Generates a public key with combination to private key provided.

• Parameters: private_key (bytes) – Private to be used to create public key.

• Return type: PublicKey

• Returns: Public key object.

• Example:

  Copy

  from human_protocol_sdk.legacy_encryption import Encryption
  
  private_key_str = "9822f95dd945e373300f8c8459a831846eda97f314689e01f7cf5b8f1c2298b3"
  
  public_key = Encryption.generate_public_key(bytes.fromhex(private_key_str))

static is_encrypted(data)

Checks whether data is already encrypted by verifying ecies header.

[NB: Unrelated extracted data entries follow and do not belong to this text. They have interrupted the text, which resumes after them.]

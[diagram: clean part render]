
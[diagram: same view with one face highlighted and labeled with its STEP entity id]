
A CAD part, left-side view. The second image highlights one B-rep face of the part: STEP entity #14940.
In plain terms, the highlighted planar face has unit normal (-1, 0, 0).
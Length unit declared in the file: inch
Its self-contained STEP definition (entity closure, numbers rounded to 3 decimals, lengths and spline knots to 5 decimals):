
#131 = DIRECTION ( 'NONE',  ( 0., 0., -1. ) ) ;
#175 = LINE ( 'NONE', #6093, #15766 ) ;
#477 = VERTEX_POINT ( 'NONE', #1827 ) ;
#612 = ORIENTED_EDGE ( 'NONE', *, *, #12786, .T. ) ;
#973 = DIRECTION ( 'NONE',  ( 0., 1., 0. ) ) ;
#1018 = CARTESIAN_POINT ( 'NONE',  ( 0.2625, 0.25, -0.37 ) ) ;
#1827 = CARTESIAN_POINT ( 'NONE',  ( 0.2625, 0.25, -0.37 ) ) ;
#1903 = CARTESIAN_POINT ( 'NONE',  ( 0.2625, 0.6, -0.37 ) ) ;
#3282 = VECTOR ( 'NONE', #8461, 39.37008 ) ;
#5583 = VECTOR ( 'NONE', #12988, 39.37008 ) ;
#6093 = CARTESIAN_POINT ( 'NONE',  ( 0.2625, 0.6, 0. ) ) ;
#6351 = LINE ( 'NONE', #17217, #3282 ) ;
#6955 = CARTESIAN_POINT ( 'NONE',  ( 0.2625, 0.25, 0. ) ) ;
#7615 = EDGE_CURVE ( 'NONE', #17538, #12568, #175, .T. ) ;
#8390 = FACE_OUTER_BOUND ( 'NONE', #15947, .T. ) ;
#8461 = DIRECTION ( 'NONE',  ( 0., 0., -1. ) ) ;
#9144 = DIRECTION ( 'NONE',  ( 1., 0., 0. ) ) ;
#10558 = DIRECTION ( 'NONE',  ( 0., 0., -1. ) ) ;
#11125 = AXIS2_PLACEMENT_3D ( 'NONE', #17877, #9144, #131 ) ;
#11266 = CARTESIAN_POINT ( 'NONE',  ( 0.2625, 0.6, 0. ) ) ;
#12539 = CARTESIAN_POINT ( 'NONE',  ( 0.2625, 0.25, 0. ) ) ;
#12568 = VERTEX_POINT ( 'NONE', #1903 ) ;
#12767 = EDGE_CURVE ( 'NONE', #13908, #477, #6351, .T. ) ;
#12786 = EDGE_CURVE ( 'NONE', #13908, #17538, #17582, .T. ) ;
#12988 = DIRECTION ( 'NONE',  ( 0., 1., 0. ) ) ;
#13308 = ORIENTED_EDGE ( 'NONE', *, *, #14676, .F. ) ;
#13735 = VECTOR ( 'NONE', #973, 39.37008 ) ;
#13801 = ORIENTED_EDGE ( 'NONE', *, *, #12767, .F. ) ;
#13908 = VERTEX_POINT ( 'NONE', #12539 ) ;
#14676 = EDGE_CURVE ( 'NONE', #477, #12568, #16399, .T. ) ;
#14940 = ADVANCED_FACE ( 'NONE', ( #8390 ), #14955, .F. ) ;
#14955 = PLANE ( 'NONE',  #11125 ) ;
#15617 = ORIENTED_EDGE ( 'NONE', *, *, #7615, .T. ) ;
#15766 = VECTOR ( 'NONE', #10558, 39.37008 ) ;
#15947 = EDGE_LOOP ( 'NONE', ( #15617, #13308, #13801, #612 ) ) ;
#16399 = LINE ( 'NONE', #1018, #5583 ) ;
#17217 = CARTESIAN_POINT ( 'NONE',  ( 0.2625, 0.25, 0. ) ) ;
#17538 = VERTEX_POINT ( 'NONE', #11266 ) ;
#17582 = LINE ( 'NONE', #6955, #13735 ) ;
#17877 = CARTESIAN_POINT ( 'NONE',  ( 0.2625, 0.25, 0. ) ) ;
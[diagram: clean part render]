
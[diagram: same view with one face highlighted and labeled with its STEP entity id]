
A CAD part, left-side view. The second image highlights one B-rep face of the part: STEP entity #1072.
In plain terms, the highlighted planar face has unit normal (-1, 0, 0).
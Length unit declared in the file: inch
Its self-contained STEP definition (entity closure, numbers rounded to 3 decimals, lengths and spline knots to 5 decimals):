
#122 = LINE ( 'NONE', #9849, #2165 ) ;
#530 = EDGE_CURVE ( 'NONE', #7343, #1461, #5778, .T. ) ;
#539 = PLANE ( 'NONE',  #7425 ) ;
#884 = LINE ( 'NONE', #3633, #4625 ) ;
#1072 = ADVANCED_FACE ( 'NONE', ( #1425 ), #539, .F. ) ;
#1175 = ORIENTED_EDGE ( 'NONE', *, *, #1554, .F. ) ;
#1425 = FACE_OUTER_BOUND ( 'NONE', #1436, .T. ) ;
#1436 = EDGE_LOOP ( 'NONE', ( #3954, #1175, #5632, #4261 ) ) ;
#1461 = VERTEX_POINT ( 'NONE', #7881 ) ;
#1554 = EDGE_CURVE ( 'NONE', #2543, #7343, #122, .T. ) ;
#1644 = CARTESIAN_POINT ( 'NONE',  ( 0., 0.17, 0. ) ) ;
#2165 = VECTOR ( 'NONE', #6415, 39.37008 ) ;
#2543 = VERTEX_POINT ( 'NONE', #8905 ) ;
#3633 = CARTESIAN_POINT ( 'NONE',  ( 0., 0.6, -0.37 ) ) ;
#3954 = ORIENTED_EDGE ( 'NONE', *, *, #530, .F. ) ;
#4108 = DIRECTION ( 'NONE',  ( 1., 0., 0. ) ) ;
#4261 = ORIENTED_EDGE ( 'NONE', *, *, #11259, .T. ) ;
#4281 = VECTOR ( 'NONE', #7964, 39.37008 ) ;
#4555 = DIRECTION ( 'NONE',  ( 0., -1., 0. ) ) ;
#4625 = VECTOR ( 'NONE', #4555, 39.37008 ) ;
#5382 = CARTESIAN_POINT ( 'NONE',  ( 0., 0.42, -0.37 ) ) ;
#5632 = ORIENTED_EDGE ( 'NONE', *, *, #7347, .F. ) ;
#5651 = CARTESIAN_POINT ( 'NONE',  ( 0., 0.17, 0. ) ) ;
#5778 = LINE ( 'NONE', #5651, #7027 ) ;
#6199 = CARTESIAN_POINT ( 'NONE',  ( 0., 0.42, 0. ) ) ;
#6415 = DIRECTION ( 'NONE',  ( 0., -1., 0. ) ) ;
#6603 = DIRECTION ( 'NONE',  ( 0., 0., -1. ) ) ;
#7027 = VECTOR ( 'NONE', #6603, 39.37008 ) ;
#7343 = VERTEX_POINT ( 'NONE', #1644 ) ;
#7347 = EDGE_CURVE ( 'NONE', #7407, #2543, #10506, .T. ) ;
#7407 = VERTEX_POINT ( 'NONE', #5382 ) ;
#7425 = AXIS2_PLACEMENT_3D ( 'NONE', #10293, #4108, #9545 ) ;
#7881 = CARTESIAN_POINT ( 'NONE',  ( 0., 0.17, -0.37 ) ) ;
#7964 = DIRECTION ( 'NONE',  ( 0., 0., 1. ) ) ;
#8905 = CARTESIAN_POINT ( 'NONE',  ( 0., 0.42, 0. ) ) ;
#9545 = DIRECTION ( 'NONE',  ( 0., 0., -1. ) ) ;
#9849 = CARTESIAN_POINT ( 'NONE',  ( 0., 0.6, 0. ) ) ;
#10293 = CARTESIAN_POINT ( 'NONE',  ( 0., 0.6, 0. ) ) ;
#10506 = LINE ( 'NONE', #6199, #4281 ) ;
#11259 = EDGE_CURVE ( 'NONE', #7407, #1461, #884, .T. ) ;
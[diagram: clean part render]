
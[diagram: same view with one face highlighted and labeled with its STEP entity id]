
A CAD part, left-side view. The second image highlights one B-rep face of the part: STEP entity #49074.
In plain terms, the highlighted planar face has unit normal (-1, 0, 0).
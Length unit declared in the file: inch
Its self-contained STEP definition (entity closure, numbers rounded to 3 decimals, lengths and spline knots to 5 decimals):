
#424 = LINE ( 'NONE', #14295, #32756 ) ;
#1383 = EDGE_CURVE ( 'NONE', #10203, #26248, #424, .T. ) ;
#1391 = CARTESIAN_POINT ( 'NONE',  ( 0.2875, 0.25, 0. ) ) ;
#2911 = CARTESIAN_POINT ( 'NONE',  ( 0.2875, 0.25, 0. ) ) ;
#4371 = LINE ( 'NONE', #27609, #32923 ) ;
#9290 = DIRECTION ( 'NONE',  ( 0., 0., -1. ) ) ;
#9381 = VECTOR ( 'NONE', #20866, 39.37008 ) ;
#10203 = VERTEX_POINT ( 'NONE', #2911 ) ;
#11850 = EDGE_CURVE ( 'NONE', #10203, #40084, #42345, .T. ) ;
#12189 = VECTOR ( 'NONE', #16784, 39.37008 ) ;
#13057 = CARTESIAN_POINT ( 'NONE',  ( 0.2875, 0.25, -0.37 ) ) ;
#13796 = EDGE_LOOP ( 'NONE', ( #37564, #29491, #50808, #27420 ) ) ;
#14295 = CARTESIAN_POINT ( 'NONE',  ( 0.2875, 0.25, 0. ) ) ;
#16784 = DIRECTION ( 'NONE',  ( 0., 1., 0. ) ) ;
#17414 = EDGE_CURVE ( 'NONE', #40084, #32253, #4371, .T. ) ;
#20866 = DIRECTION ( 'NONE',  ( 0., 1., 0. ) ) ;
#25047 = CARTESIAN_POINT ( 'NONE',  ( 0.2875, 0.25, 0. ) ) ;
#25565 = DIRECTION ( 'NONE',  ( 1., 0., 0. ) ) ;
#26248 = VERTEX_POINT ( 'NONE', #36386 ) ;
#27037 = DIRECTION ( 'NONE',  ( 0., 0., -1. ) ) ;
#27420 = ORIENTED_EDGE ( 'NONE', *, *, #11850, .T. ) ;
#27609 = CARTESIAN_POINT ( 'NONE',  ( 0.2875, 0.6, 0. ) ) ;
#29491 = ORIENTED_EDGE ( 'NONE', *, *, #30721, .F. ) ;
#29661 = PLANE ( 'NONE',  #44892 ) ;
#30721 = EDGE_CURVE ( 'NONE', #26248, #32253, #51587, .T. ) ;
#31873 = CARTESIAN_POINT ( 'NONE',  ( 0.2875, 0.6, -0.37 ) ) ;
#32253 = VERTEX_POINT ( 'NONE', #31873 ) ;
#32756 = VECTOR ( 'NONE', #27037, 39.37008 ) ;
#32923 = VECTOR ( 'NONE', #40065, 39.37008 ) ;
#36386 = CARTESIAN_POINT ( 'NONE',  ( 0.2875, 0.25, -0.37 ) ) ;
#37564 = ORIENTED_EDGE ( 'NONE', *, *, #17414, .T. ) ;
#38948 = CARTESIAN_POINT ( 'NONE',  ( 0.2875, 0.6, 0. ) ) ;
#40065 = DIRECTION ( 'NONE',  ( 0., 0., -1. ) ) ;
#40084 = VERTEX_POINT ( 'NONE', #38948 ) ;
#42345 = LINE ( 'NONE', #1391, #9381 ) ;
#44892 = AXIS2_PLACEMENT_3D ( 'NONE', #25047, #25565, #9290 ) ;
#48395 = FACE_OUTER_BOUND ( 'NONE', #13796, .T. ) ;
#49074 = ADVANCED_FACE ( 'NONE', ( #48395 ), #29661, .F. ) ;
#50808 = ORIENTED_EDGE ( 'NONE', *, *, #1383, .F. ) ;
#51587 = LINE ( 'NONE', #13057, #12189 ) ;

• Parameters: data (bytes) – Data to be checked.

• Return type: bool

• Returns: True if data is encrypted, False otherwise.

• Example:

  Copy

  from human_protocol_sdk.legacy_encryption import Encryption
  
  encrypted_message_str = "0402f48d28d29ae3d681e4cbbe499be0803c2a9d94534d0a4501ab79fd531183fbd837a021c1c117f47737e71c430b9d33915615f68c8dcb5e2f4e4dda4c9415d20a8b5fad9770b14067f2dd31a141a8a8da1f56eb2577715409dbf3c39b9bfa7b90c1acd838fe147c95f0e1ca9359a4cfd52367a73a6d6c548b492faa"
  
  is_encrypted = Encryption.is_encrypted(bytes.fromhex(encrypted_message_str))

exception human_protocol_sdk.legacy_encryption.InvalidPublicKey

Bases: Exception

A custom exception raised when trying to convert bytes into an elliptic curve public key.